Thank you, thank you


----------



## KC1 (May 23, 2016)

It makes me want a table with 2 bottles of Corona sitting on it.


----------



## limr (May 23, 2016)

KC1 said:


> It makes me want a table with 2 bottles of swill *Belgian ale* sitting on it.



FIFY 

(Sorry, I used to be able to drink Corona, but I just tasted one about 2 weeks ago and literally couldn't swallow it. My tastes have changed too much.)


----------



## KC1 (May 23, 2016)

lol, I was referring to the commercials. I don't drink any beer or ales, I couldn't swallow any of them.


----------



## limr (May 23, 2016)

KC1 said:


> lol, I was referring to the commercials. I don't drink any beer or ales, I couldn't swallow any of them.



Ah, fair enough!


----------



## snowbear (May 23, 2016)




----------



## limr (May 23, 2016)

snowbear said:


>


----------



## FITBMX (May 24, 2016)

limr said:


> KC1 said:
> 
> 
> > It makes me want a table with 2 bottles of swill *Belgian ale* sitting on it.
> ...



I would go with a few old glass soda bottles personally. 
I love it great work!


----------



## manaheim (May 24, 2016)

Absolutely no offense, but I'm not getting what you're all seeing here. Can you enlighten me? (Seriously)


----------



## sleist (May 24, 2016)

manaheim said:


> Absolutely no offense, but I'm not getting what you're all seeing here. Can you enlighten me? (Seriously)



I've been wanting to ask the same thing.
I get the nostalgia thing, but I'm not really connecting with this in the same way others seem to be.


----------



## Mike Lamb (May 24, 2016)

Too soft for me.  More contrast definition with the chairs I think.


----------



## limr (May 25, 2016)

So I'm going to bump this, because if manaheim and sleist want their questions answered, the thread should probably not be buried on page 3 or 4.


----------



## jcdeboever (May 25, 2016)

manaheim said:


> Absolutely no offense, but I'm not getting what you're all seeing here. Can you enlighten me? (Seriously)
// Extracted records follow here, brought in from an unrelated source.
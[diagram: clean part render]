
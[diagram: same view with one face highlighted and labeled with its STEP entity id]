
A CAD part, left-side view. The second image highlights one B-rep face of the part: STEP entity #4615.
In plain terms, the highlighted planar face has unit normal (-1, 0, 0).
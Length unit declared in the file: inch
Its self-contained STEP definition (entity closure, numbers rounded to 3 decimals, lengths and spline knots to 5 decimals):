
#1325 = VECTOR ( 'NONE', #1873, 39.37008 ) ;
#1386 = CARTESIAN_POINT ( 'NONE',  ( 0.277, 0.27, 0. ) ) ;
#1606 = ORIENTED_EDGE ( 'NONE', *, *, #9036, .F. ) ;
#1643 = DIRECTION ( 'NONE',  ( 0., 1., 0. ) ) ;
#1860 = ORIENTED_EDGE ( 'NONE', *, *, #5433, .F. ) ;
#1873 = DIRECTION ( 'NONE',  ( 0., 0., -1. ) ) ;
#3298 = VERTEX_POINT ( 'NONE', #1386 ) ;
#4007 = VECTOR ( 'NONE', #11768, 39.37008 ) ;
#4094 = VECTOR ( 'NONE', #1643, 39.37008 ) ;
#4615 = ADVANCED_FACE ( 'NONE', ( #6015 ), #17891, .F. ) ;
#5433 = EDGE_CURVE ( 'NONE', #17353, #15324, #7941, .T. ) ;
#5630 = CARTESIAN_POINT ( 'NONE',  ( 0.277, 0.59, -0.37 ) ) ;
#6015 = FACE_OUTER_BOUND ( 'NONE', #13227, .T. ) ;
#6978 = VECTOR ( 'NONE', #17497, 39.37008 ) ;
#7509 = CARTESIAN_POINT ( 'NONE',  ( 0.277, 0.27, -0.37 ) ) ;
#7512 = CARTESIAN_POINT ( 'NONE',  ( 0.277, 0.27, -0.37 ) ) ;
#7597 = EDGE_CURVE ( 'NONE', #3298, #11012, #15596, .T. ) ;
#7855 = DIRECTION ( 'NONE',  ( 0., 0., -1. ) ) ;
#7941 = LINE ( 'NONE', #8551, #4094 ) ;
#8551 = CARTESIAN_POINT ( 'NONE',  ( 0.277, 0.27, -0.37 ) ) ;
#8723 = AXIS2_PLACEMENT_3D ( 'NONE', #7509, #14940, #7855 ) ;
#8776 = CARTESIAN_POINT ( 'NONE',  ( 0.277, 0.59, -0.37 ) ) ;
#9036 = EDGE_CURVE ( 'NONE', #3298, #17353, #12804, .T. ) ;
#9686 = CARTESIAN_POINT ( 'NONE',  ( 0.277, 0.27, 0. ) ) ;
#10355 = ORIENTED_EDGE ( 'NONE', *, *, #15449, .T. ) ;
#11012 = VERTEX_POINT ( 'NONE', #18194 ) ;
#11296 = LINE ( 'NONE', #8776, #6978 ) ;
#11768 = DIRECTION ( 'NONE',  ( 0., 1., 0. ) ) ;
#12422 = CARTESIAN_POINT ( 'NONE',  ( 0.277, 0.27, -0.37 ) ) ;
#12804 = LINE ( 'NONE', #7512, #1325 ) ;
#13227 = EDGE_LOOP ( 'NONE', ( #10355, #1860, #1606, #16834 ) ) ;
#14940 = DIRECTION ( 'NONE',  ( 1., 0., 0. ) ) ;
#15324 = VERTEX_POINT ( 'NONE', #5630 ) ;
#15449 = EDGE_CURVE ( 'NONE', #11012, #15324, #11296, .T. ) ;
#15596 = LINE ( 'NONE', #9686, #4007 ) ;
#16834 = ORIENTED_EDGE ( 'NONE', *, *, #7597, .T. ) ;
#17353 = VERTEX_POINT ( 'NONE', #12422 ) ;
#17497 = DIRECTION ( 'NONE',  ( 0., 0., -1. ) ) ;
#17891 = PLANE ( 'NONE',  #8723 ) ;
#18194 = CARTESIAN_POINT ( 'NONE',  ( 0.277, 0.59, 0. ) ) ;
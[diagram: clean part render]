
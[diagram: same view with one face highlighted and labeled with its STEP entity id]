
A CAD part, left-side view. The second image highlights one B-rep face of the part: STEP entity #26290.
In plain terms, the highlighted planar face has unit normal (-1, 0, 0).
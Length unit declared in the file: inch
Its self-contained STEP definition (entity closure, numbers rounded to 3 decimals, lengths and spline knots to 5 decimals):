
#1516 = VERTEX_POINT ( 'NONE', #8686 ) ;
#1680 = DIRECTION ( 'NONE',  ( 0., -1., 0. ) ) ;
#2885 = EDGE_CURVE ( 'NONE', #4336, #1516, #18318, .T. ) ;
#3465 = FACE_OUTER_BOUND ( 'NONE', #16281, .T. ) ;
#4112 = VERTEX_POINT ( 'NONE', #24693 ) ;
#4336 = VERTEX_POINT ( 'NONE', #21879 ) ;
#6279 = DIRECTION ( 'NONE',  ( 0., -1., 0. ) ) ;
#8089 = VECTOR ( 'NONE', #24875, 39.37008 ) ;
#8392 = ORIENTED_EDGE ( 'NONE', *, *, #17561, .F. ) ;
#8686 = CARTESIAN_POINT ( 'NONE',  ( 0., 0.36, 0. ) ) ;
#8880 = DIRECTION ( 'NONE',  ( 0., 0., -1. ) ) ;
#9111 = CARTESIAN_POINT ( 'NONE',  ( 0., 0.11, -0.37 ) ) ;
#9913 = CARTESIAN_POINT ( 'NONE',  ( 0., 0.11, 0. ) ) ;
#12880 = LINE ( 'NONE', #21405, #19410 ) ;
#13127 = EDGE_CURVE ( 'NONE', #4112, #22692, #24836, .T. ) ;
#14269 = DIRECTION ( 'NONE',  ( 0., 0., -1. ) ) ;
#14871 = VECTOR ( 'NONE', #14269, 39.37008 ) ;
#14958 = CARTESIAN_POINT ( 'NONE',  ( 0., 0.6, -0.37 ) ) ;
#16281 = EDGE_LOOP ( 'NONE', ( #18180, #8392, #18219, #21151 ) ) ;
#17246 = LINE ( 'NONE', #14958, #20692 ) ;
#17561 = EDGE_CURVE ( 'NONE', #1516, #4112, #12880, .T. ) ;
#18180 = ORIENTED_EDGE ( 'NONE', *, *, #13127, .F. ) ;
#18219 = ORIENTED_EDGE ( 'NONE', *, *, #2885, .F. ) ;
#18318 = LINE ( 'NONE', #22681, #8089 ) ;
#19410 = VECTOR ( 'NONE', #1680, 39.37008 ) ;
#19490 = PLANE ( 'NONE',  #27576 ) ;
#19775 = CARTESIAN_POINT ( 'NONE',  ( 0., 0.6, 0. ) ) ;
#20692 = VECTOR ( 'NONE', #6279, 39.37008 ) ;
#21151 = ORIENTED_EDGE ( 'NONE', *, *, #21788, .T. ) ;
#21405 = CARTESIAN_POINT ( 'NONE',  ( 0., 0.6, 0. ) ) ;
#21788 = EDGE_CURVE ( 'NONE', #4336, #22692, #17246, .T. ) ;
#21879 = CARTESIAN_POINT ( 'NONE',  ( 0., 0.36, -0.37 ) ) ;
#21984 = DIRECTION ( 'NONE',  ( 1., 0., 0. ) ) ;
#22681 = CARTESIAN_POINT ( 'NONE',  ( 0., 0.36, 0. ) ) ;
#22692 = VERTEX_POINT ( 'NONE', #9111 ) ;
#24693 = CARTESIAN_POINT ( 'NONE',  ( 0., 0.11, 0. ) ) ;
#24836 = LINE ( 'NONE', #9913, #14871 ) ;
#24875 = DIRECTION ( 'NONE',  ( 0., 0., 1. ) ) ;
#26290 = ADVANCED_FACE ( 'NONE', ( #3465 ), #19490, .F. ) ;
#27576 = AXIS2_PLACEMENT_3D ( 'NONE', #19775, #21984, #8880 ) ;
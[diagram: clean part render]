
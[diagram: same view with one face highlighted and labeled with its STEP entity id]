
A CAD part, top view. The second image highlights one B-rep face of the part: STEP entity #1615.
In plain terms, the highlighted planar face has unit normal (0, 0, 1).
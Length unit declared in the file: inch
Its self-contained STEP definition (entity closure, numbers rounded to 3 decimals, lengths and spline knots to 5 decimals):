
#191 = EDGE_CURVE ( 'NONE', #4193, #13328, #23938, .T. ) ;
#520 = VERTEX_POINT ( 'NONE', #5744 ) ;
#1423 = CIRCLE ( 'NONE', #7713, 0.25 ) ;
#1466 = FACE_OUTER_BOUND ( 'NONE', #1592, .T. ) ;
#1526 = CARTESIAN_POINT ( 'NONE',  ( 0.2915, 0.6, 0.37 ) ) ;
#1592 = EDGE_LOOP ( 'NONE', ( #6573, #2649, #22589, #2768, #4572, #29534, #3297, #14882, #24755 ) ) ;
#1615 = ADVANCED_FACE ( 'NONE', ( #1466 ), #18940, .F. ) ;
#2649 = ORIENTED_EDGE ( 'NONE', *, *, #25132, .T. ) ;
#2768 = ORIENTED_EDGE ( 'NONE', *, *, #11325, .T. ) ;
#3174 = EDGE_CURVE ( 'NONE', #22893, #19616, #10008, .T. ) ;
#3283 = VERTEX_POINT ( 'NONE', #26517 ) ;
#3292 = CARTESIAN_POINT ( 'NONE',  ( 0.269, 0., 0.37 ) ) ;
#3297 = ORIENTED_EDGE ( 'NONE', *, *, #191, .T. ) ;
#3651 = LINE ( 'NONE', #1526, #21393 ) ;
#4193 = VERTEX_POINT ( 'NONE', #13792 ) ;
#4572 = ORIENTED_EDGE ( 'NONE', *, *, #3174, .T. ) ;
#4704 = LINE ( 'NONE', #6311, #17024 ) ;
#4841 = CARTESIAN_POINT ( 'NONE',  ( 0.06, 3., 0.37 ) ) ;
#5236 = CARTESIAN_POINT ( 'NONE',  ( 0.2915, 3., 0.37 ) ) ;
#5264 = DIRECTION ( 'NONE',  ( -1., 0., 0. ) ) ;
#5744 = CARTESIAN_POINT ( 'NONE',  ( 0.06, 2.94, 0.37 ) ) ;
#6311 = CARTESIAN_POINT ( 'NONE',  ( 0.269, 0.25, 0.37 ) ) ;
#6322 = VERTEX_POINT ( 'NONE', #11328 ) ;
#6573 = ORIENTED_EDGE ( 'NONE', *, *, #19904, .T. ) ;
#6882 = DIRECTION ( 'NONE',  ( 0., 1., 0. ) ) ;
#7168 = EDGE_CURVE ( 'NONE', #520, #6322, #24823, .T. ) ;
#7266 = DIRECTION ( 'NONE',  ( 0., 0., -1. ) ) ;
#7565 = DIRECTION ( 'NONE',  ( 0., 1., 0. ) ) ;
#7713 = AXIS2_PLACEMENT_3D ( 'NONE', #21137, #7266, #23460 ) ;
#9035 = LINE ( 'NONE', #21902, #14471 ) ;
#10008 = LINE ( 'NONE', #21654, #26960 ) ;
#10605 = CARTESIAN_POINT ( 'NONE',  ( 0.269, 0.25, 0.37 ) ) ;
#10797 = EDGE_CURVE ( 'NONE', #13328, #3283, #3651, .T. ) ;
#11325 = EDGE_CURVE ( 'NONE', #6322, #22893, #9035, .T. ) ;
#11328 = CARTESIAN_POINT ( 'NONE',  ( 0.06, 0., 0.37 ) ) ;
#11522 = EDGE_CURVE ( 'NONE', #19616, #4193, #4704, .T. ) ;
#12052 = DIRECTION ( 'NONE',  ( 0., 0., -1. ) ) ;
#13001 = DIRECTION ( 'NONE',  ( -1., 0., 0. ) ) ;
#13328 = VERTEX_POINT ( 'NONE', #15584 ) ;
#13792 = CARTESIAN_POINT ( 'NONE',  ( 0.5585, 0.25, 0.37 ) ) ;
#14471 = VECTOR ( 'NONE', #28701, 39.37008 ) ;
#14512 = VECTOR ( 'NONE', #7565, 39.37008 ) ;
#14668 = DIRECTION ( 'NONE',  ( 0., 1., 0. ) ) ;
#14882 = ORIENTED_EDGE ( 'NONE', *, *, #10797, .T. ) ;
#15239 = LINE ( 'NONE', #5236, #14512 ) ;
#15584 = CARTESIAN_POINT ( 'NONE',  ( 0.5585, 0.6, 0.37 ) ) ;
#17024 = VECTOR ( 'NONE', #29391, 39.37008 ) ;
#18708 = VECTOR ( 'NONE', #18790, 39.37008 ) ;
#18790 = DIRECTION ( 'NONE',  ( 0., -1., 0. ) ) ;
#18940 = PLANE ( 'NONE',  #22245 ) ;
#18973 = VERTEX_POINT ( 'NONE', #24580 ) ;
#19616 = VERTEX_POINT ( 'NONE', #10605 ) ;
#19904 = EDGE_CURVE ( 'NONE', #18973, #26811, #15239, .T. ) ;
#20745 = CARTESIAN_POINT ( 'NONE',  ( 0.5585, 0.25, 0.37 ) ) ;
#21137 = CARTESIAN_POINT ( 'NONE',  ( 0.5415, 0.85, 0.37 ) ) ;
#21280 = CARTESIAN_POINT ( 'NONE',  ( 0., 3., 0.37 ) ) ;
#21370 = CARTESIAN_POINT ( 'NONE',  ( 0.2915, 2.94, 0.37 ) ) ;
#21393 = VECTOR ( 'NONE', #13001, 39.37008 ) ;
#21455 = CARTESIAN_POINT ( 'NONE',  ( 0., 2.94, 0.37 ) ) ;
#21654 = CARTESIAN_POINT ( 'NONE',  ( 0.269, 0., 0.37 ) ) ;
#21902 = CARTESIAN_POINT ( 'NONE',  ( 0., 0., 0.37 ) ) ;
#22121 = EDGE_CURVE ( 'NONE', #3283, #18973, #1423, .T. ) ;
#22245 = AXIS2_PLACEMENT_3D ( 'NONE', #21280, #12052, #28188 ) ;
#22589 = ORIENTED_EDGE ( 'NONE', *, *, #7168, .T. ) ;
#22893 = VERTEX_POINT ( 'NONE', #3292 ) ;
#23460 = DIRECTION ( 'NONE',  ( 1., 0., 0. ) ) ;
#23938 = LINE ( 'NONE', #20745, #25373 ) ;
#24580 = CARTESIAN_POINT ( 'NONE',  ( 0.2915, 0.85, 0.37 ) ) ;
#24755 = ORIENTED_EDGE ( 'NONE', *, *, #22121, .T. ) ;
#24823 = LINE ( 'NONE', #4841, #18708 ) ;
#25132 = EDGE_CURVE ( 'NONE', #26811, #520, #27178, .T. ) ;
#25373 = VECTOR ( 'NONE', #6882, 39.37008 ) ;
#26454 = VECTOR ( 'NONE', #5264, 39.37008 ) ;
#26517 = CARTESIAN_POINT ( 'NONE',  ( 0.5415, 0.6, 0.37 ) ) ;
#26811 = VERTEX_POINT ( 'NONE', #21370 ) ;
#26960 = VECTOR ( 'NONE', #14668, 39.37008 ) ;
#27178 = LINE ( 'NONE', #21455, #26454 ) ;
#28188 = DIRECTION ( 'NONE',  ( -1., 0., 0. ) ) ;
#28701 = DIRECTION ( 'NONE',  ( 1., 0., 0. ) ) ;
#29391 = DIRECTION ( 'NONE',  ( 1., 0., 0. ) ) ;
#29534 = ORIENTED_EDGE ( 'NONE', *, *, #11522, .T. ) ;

For me, I like the muted color and transient exposure. The composition is very good. There is a mysterious quality created by three empty chairs, textured porch shade, twisted focal point, and soft focus. The twisted framing also is in harmony with the rocker backs, making one believe something may be sitting in them. It is so far removed from digital, it presents a satisfying look and/or quality to it. I can understand it may not be everyone's cup of tea. However, for me, it has many interesting pieces. I like the concept and appearance that the artist/ hardware render. 

Sent from my XT1254 using Tapatalk


----------



## Tim Tucker (May 25, 2016)

I shan't give any deconstructed analysis because I know this shot will be instinctive, though structure and focus is there in abundance.

1) It's a period piece, everything is 60's, nothing contradicts.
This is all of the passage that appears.